##### Given records #####

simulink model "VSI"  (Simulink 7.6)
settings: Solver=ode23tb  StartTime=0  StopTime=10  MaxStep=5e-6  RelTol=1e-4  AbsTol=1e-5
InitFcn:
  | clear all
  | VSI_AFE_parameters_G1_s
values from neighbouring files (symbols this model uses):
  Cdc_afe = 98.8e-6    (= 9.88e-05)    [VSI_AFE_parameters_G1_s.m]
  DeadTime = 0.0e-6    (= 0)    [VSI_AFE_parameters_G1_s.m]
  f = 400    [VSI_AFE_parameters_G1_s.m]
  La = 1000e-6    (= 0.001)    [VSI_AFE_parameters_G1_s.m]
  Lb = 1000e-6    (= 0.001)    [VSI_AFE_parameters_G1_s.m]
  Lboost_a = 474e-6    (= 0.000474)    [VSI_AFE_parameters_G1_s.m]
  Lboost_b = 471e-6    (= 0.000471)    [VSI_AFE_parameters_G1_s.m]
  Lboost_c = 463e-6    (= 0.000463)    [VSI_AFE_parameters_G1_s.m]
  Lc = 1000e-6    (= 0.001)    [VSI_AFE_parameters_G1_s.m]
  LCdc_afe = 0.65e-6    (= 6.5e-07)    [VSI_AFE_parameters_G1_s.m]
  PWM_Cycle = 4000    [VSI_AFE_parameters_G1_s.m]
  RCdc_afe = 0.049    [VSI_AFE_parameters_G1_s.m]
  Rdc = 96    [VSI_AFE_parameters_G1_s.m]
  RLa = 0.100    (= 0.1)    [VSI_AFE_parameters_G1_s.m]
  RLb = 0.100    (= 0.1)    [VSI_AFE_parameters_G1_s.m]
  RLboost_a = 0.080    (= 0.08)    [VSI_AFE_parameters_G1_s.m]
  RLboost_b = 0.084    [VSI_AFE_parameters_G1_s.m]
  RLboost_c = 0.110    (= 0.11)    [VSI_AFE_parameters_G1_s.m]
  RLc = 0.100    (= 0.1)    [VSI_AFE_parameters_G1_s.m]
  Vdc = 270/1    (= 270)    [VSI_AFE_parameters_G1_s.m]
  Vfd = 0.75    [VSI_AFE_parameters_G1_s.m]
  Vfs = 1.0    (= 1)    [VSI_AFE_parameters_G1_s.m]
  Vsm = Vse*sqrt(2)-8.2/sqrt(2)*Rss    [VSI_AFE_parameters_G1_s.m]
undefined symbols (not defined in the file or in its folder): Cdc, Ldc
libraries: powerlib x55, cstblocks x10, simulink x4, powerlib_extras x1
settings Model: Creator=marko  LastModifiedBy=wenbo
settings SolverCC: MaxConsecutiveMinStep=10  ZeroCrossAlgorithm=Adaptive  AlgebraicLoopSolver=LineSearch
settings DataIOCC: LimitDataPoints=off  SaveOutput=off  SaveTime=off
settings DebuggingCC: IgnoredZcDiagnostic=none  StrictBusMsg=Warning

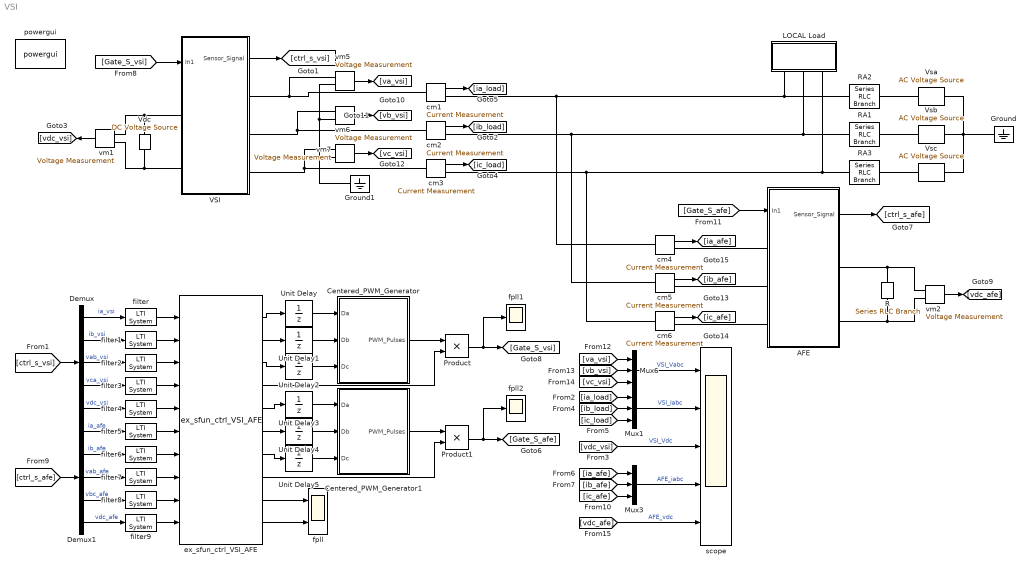
== system VSI ==
  AFE : Subsystem
  Centered_PWM_Generator : Subsystem
  Centered_PWM_Generator1 : Subsystem
  Demux : Demux  Outputs=5
  Demux1 : Demux  Outputs=5
  Ground : powerlib/Elements/Ground  DialogController=POWERSYS.PowerSysDialog  PhysicalDomain=powersysdomain  SubClassName=unknown  LeftPortType=p1  RightPortType=p1  LConnTagsString=a
  Ground1 : powerlib/Elements/Ground  DialogController=POWERSYS.PowerSysDialog  PhysicalDomain=powersysdomain  SubClassName=unknown  LeftPortType=p1  RightPortType=p1  LConnTagsString=a
  LOCAL Load : Subsystem
  Mux1 : Mux  Inputs=3
  Mux3 : Mux  Inputs=3
  Mux6 : Mux  Inputs=3
  Product : Product  RndMeth=Zero
  Product1 : Product  RndMeth=Zero
  R : powerlib/Elements/Series RLC Branch  DialogController=POWERSYS.PowerSysDialog  PhysicalDomain=powersysdomain  SubClassName=unknown  LeftPortType=p1  RightPortType=p1  LConnTagsString=__new0  RConnTagsString=__new0  BranchType=R  Resistance=Rdc  Inductance=Ldc  SetiL0=off  InitialCurrent=0  Capacitance=Cdc  Setx0=off  InitialVoltage=0  Measurements=None
  RA1 : powerlib/Elements/Series RLC Branch  DialogController=POWERSYS.PowerSysDialog  PhysicalDomain=powersysdomain  SubClassName=unknown  LeftPortType=p1  RightPortType=p1  LConnTagsString=__new0  RConnTagsString=__new0  BranchType=R  Resistance=10  Inductance=1e-3  SetiL0=off  InitialCurrent=0  Capacitance=1e-6  Setx0=off  InitialVoltage=0  Measurements=None
  RA2 : powerlib/Elements/Series RLC Branch  DialogController=POWERSYS.PowerSysDialog  PhysicalDomain=powersysdomain  SubClassName=unknown  LeftPortType=p1  RightPortType=p1  LConnTagsString=__new0  RConnTagsString=__new0  BranchType=R  Resistance=10  Inductance=1e-3  SetiL0=off  InitialCurrent=0  Capacitance=1e-6  Setx0=off  InitialVoltage=0  Measurements=None
  RA3 : powerlib/Elements/Series RLC Branch  DialogController=POWERSYS.PowerSysDialog  PhysicalDomain=powersysdomain  SubClassName=unknown  LeftPortType=p1  RightPortType=p1  LConnTagsString=__new0  RConnTagsString=__new0  BranchType=R  Resistance=10  Inductance=1e-3  SetiL0=off  InitialCurrent=0  Capacitance=1e-6  Setx0=off  InitialVoltage=0  Measurements=None
  Unit Delay{,1..5} (6 alike) : UnitDelay  SampleTime=-1
  VSI : Subsystem
  Vdc : powerlib/Electrical Sources/DC Voltage Source  DialogController=POWERSYS.PowerSysDialog  SystemSampleTime=-1  Amplitude=Vdc  Measurements=None
  Vsa : powerlib/Electrical Sources/AC Voltage Source  DialogController=POWERSYS.PowerSysDialog  SystemSampleTime=-1  Amplitude=Vsm  Phase=90  Frequency=f  SampleTime=0  Measurements=None
  Vsb : powerlib/Electrical Sources/AC Voltage Source  DialogController=POWERSYS.PowerSysDialog  SystemSampleTime=-1  Amplitude=Vsm  Phase=90-120  Frequency=f  SampleTime=0  Measurements=None
  Vsc : powerlib/Electrical Sources/AC Voltage Source  DialogController=POWERSYS.PowerSysDialog  SystemSampleTime=-1  Amplitude=Vsm  Phase=90+120  Frequency=f  SampleTime=0  Measurements=None
  cm{1..6} (6 alike) : powerlib/Measurements/Current Measurement  DialogController=POWERSYS.PowerSysDialog  SystemSampleTime=-1  PhasorSimulation=off  OutputType=Complex  PSBequivalent=0
  ex_sfun_ctrl_VSI_AFE : S-Function  FunctionName=ex_sfun_ctrl_VSI_AFE  EnableBusSupport=off  mask(Legacy Function){SFunctionSpec=void epwm1_isr(double y1[1], double y2[1], double y3[1], double y4[1], double y5[1], double y6[1], double y7[1], double y8[1], double y9[1], double u1, double u2, double u3, double u4, double u5, double u6, double u7, double u8, double u9, double u10), ShowSpec=off}
      mask prompts: ShowSpec "Display function specification"
      mask help:
      | This block allows you to call the legacy functions specified by the following Legacy Code Tool definition:
      | def.SFunctionName = 'ex_sfun_ctrl_VSI_AFE';
      | def.OutputFcnSpec = 'void epwm1_isr(double y1[1], double y2[1], double y3[1], double y4[1], double y5[1], double y6[1], double y7[1], double y8[1], double y9[1], double u1, double u2, double u3, double u4, double u5, double u6, double u7, double u8, double u9, double u10)';
      | def.HeaderFiles = {'math.h'};
      | def.SourceFiles = {'epwm1_isr.c'};
      | def.SampleTime = 5e-005;
      mask Help: <p>This block was generated automatically by the Legacy Code Tool. For detailed help on this tool, call<a href="matlab:legacy_code('help')"> legacy_code('help')</a>.</p>
      mask CallbackString:
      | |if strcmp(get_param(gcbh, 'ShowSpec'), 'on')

#####

The lines above starting at the one that holds "RLa = 0.100" and ending at the one that holds "Ground : powerlib/Elements/Ground" are to be written out exactly, ends included, and no pictures are to be copied.

Task answer
  RLa = 0.100    (= 0.1)    [VSI_AFE_parameters_G1_s.m]
  RLb = 0.100    (= 0.1)    [VSI_AFE_parameters_G1_s.m]
  RLboost_a = 0.080    (= 0.08)    [VSI_AFE_parameters_G1_s.m]
  RLboost_b = 0.084    [VSI_AFE_parameters_G1_s.m]
  RLboost_c = 0.110    (= 0.11)    [VSI_AFE_parameters_G1_s.m]
  RLc = 0.100    (= 0.1)    [VSI_AFE_parameters_G1_s.m]
  Vdc = 270/1    (= 270)    [VSI_AFE_parameters_G1_s.m]
  Vfd = 0.75    [VSI_AFE_parameters_G1_s.m]
  Vfs = 1.0    (= 1)    [VSI_AFE_parameters_G1_s.m]
  Vsm = Vse*sqrt(2)-8.2/sqrt(2)*Rss    [VSI_AFE_parameters_G1_s.m]
undefined symbols (not defined in the file or in its folder): Cdc, Ldc
libraries: powerlib x55, cstblocks x10, simulink x4, powerlib_extras x1
settings Model: Creator=marko  LastModifiedBy=wenbo
settings SolverCC: MaxConsecutiveMinStep=10  ZeroCrossAlgorithm=Adaptive  AlgebraicLoopSolver=LineSearch
settings DataIOCC: LimitDataPoints=off  SaveOutput=off  SaveTime=off
settings DebuggingCC: IgnoredZcDiagnostic=none  StrictBusMsg=Warning

== system VSI ==
  AFE : Subsystem
  Centered_PWM_Generator : Subsystem
  Centered_PWM_Generator1 : Subsystem
  Demux : Demux  Outputs=5
  Demux1 : Demux  Outputs=5
  Ground : powerlib/Elements/Ground  DialogController=POWERSYS.PowerSysDialog  PhysicalDomain=powersysdomain  SubClassName=unknown  LeftPortType=p1  RightPortType=p1  LConnTagsString=a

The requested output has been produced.